Exercise objective: Leaving all pictures aside, write out the records below precisely as given.

Supplied data:
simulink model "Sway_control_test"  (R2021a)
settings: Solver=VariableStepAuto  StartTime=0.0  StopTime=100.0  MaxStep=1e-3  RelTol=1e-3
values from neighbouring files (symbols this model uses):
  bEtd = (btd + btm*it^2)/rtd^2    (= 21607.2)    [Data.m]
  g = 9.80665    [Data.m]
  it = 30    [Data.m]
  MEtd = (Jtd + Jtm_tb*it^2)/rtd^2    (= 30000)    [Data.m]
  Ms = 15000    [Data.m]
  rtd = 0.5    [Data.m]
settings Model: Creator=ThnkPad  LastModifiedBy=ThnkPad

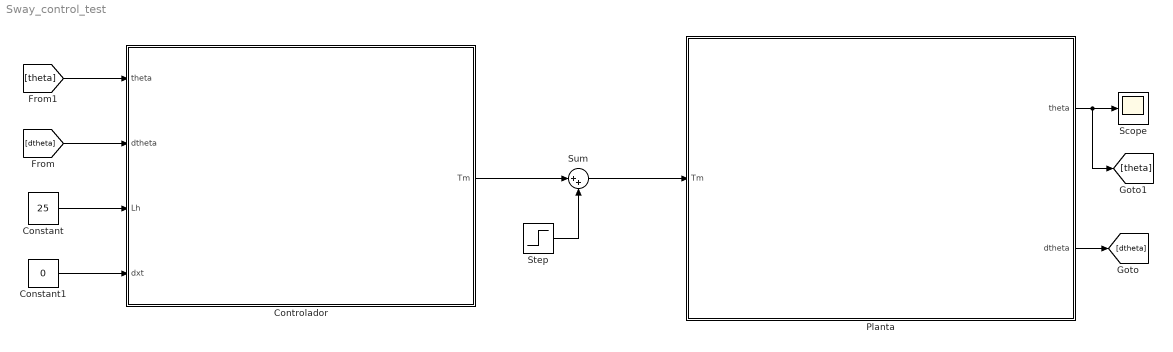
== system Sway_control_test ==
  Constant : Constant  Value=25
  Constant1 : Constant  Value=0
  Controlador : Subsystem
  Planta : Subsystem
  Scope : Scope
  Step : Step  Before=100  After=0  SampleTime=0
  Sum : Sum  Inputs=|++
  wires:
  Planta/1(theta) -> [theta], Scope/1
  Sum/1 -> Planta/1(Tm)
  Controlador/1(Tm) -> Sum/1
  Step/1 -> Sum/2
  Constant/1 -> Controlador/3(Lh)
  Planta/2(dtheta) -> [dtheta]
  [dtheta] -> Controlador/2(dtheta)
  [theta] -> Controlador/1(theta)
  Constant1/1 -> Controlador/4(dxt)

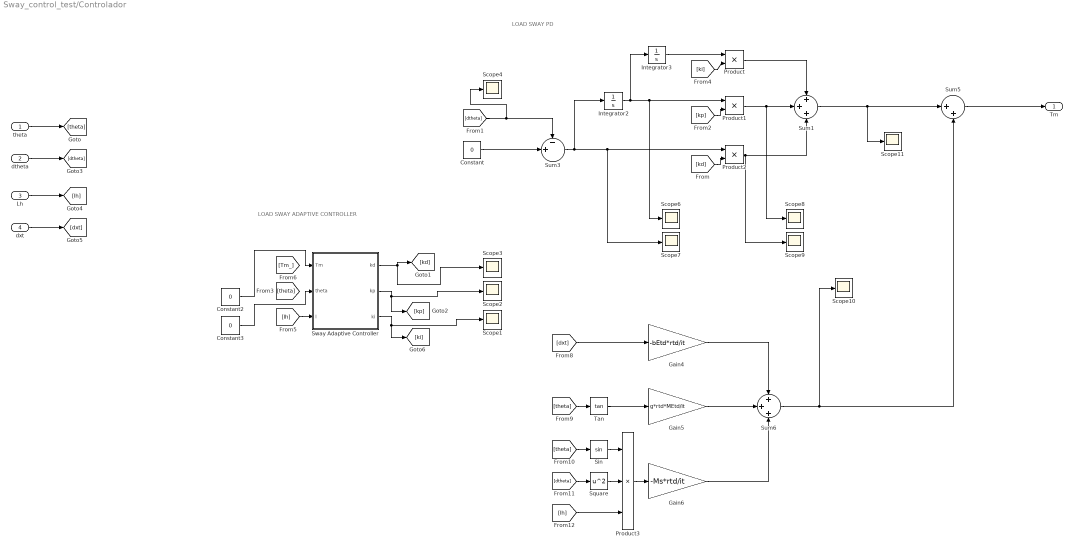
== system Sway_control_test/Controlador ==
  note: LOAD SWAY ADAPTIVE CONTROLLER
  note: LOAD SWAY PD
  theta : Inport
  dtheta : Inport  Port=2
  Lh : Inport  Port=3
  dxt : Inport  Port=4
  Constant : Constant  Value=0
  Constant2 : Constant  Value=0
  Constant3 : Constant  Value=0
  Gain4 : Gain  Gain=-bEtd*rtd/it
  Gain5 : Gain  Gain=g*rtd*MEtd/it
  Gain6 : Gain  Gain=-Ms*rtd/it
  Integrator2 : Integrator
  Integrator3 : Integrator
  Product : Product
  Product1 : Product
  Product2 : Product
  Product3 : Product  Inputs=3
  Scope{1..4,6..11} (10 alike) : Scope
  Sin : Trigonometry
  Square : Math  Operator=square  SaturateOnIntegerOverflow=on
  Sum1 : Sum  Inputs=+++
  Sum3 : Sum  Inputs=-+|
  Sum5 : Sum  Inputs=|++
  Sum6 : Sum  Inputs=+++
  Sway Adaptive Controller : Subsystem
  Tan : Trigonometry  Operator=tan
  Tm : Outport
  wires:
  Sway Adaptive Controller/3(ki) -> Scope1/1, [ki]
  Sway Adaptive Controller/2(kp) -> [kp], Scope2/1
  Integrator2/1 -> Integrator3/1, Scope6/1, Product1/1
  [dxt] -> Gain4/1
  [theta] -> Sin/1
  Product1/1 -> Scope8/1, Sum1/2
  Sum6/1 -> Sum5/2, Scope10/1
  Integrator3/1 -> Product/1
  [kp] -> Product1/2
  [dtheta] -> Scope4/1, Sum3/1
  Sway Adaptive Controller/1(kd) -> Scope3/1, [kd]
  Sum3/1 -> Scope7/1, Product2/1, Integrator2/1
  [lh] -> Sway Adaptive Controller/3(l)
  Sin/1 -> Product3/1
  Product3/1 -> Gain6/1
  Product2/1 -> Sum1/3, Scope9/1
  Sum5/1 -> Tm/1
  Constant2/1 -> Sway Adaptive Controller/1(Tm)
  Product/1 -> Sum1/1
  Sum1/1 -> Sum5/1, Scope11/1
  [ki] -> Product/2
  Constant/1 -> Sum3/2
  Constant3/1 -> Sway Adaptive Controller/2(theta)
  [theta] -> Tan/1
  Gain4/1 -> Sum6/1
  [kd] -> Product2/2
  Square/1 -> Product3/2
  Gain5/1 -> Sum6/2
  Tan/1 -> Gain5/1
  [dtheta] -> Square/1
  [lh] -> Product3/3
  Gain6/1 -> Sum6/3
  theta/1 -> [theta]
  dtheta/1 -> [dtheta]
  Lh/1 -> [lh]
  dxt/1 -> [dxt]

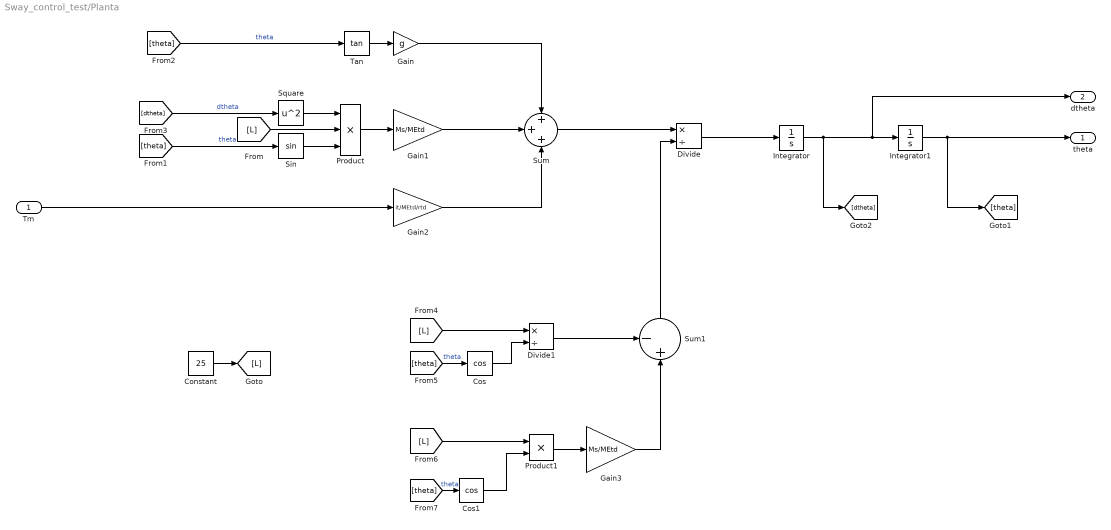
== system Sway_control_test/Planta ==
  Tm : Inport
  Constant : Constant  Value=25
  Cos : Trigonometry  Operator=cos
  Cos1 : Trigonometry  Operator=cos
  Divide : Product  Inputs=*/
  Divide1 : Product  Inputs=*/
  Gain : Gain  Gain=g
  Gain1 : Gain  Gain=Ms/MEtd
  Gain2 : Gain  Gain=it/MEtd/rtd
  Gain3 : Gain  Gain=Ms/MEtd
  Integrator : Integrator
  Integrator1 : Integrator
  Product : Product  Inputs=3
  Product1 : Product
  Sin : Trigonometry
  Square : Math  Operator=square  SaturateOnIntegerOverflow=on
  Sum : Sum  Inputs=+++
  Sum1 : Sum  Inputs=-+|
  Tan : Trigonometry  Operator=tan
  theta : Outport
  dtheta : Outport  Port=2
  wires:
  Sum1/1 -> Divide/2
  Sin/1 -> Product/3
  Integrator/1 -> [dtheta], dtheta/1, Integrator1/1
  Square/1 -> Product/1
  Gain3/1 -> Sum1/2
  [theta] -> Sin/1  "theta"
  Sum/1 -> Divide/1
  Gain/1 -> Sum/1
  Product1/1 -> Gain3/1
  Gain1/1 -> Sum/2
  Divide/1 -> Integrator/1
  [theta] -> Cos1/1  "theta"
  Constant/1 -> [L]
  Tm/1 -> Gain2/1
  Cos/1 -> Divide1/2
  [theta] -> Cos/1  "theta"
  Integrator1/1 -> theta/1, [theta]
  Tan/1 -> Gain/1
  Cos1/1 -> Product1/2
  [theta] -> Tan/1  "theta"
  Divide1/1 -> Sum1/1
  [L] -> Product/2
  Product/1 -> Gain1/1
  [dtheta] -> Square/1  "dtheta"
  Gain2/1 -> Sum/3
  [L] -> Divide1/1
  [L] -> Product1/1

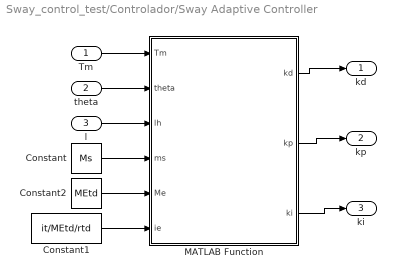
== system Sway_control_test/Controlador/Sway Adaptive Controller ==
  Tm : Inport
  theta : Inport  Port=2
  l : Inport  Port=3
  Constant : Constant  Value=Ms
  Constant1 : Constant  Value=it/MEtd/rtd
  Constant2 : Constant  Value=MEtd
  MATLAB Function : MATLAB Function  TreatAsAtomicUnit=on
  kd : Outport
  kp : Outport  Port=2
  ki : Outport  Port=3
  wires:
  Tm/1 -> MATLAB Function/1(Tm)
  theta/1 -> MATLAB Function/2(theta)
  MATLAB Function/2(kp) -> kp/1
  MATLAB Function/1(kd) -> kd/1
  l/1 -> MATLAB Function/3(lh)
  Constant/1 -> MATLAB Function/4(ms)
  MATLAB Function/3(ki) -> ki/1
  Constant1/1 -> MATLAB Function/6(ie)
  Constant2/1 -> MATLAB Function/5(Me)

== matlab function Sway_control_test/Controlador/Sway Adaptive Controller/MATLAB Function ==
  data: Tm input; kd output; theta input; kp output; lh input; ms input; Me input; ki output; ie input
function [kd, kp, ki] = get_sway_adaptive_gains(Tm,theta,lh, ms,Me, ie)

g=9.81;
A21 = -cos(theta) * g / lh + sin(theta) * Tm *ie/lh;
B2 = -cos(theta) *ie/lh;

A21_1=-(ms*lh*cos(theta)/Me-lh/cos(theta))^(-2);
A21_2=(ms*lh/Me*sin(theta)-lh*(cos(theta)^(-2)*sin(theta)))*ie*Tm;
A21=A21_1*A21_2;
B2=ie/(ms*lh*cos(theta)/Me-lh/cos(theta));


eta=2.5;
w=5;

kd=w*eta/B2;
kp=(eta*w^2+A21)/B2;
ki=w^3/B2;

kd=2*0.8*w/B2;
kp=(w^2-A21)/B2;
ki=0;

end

Your solution:
simulink model "Sway_control_test"  (R2021a)
settings: Solver=VariableStepAuto  StartTime=0.0  StopTime=100.0  MaxStep=1e-3  RelTol=1e-3
values from neighbouring files (symbols this model uses):
  bEtd = (btd + btm*it^2)/rtd^2    (= 21607.2)    [Data.m]
  g = 9.80665    [Data.m]
  it = 30    [Data.m]
  MEtd = (Jtd + Jtm_tb*it^2)/rtd^2    (= 30000)    [Data.m]
  Ms = 15000    [Data.m]
  rtd = 0.5    [Data.m]
settings Model: Creator=ThnkPad  LastModifiedBy=ThnkPad

== system Sway_control_test ==
  Constant : Constant  Value=25
  Constant1 : Constant  Value=0
  Controlador : Subsystem
  Planta : Subsystem
  Scope : Scope
  Step : Step  Before=100  After=0  SampleTime=0
  Sum : Sum  Inputs=|++
  wires:
  Planta/1(theta) -> [theta], Scope/1
  Sum/1 -> Planta/1(Tm)
  Controlador/1(Tm) -> Sum/1
  Step/1 -> Sum/2
  Constant/1 -> Controlador/3(Lh)
  Planta/2(dtheta) -> [dtheta]
  [dtheta] -> Controlador/2(dtheta)
  [theta] -> Controlador/1(theta)
  Constant1/1 -> Controlador/4(dxt)

== system Sway_control_test/Controlador ==
  note: LOAD SWAY ADAPTIVE CONTROLLER
  note: LOAD SWAY PD
  theta : Inport
  dtheta : Inport  Port=2
  Lh : Inport  Port=3
  dxt : Inport  Port=4
  Constant : Constant  Value=0
  Constant2 : Constant  Value=0
  Constant3 : Constant  Value=0
  Gain4 : Gain  Gain=-bEtd*rtd/it
  Gain5 : Gain  Gain=g*rtd*MEtd/it
  Gain6 : Gain  Gain=-Ms*rtd/it
  Integrator2 : Integrator
  Integrator3 : Integrator
  Product : Product
  Product1 : Product
  Product2 : Product
  Product3 : Product  Inputs=3
  Scope{1..4,6..11} (10 alike) : Scope
  Sin : Trigonometry
  Square : Math  Operator=square  SaturateOnIntegerOverflow=on
  Sum1 : Sum  Inputs=+++
  Sum3 : Sum  Inputs=-+|
  Sum5 : Sum  Inputs=|++
  Sum6 : Sum  Inputs=+++
  Sway Adaptive Controller : Subsystem
  Tan : Trigonometry  Operator=tan
  Tm : Outport
  wires:
  Sway Adaptive Controller/3(ki) -> Scope1/1, [ki]
  Sway Adaptive Controller/2(kp) -> [kp], Scope2/1
  Integrator2/1 -> Integrator3/1, Scope6/1, Product1/1
  [dxt] -> Gain4/1
  [theta] -> Sin/1
  Product1/1 -> Scope8/1, Sum1/2
  Sum6/1 -> Sum5/2, Scope10/1
  Integrator3/1 -> Product/1
  [kp] -> Product1/2
  [dtheta] -> Scope4/1, Sum3/1
  Sway Adaptive Controller/1(kd) -> Scope3/1, [kd]
  Sum3/1 -> Scope7/1, Product2/1, Integrator2/1
  [lh] -> Sway Adaptive Controller/3(l)
  Sin/1 -> Product3/1
  Product3/1 -> Gain6/1
  Product2/1 -> Sum1/3, Scope9/1
  Sum5/1 -> Tm/1
  Constant2/1 -> Sway Adaptive Controller/1(Tm)
  Product/1 -> Sum1/1
  Sum1/1 -> Sum5/1, Scope11/1
  [ki] -> Product/2
  Constant/1 -> Sum3/2
  Constant3/1 -> Sway Adaptive Controller/2(theta)
  [theta] -> Tan/1
  Gain4/1 -> Sum6/1
  [kd] -> Product2/2
  Square/1 -> Product3/2
  Gain5/1 -> Sum6/2
  Tan/1 -> Gain5/1
  [dtheta] -> Square/1
  [lh] -> Product3/3
  Gain6/1 -> Sum6/3
  theta/1 -> [theta]
  dtheta/1 -> [dtheta]
  Lh/1 -> [lh]
  dxt/1 -> [dxt]

== system Sway_control_test/Planta ==
  Tm : Inport
  Constant : Constant  Value=25
  Cos : Trigonometry  Operator=cos
  Cos1 : Trigonometry  Operator=cos
  Divide : Product  Inputs=*/
  Divide1 : Product  Inputs=*/
  Gain : Gain  Gain=g
  Gain1 : Gain  Gain=Ms/MEtd
  Gain2 : Gain  Gain=it/MEtd/rtd
  Gain3 : Gain  Gain=Ms/MEtd
  Integrator : Integrator
  Integrator1 : Integrator
  Product : Product  Inputs=3
  Product1 : Product
  Sin : Trigonometry
  Square : Math  Operator=square  SaturateOnIntegerOverflow=on
  Sum : Sum  Inputs=+++
  Sum1 : Sum  Inputs=-+|
  Tan : Trigonometry  Operator=tan
  theta : Outport
  dtheta : Outport  Port=2
  wires:
  Sum1/1 -> Divide/2
  Sin/1 -> Product/3
  Integrator/1 -> [dtheta], dtheta/1, Integrator1/1
  Square/1 -> Product/1
  Gain3/1 -> Sum1/2
  [theta] -> Sin/1  "theta"
  Sum/1 -> Divide/1
  Gain/1 -> Sum/1
  Product1/1 -> Gain3/1
  Gain1/1 -> Sum/2
  Divide/1 -> Integrator/1
  [theta] -> Cos1/1  "theta"
  Constant/1 -> [L]
  Tm/1 -> Gain2/1
  Cos/1 -> Divide1/2
  [theta] -> Cos/1  "theta"
  Integrator1/1 -> theta/1, [theta]
  Tan/1 -> Gain/1
  Cos1/1 -> Product1/2
  [theta] -> Tan/1  "theta"
  Divide1/1 -> Sum1/1
  [L] -> Product/2
  Product/1 -> Gain1/1
  [dtheta] -> Square/1  "dtheta"
  Gain2/1 -> Sum/3
  [L] -> Divide1/1
  [L] -> Product1/1

== system Sway_control_test/Controlador/Sway Adaptive Controller ==
  Tm : Inport
  theta : Inport  Port=2
  l : Inport  Port=3
  Constant : Constant  Value=Ms
  Constant1 : Constant  Value=it/MEtd/rtd
  Constant2 : Constant  Value=MEtd
  MATLAB Function : MATLAB Function  TreatAsAtomicUnit=on
  kd : Outport
  kp : Outport  Port=2
  ki : Outport  Port=3
  wires:
  Tm/1 -> MATLAB Function/1(Tm)
  theta/1 -> MATLAB Function/2(theta)
  MATLAB Function/2(kp) -> kp/1
  MATLAB Function/1(kd) -> kd/1
  l/1 -> MATLAB Function/3(lh)
  Constant/1 -> MATLAB Function/4(ms)
  MATLAB Function/3(ki) -> ki/1
  Constant1/1 -> MATLAB Function/6(ie)
  Constant2/1 -> MATLAB Function/5(Me)

== matlab function Sway_control_test/Controlador/Sway Adaptive Controller/MATLAB Function ==
  data: Tm input; kd output; theta input; kp output; lh input; ms input; Me input; ki output; ie input
function [kd, kp, ki] = get_sway_adaptive_gains(Tm,theta,lh, ms,Me, ie)

g=9.81;
A21 = -cos(theta) * g / lh + sin(theta) * Tm *ie/lh;
B2 = -cos(theta) *ie/lh;

A21_1=-(ms*lh*cos(theta)/Me-lh/cos(theta))^(-2);
A21_2=(ms*lh/Me*sin(theta)-lh*(cos(theta)^(-2)*sin(theta)))*ie*Tm;
A21=A21_1*A21_2;
B2=ie/(ms*lh*cos(theta)/Me-lh/cos(theta));


eta=2.5;
w=5;

kd=w*eta/B2;
kp=(eta*w^2+A21)/B2;
ki=w^3/B2;

kd=2*0.8*w/B2;
kp=(w^2-A21)/B2;
ki=0;

end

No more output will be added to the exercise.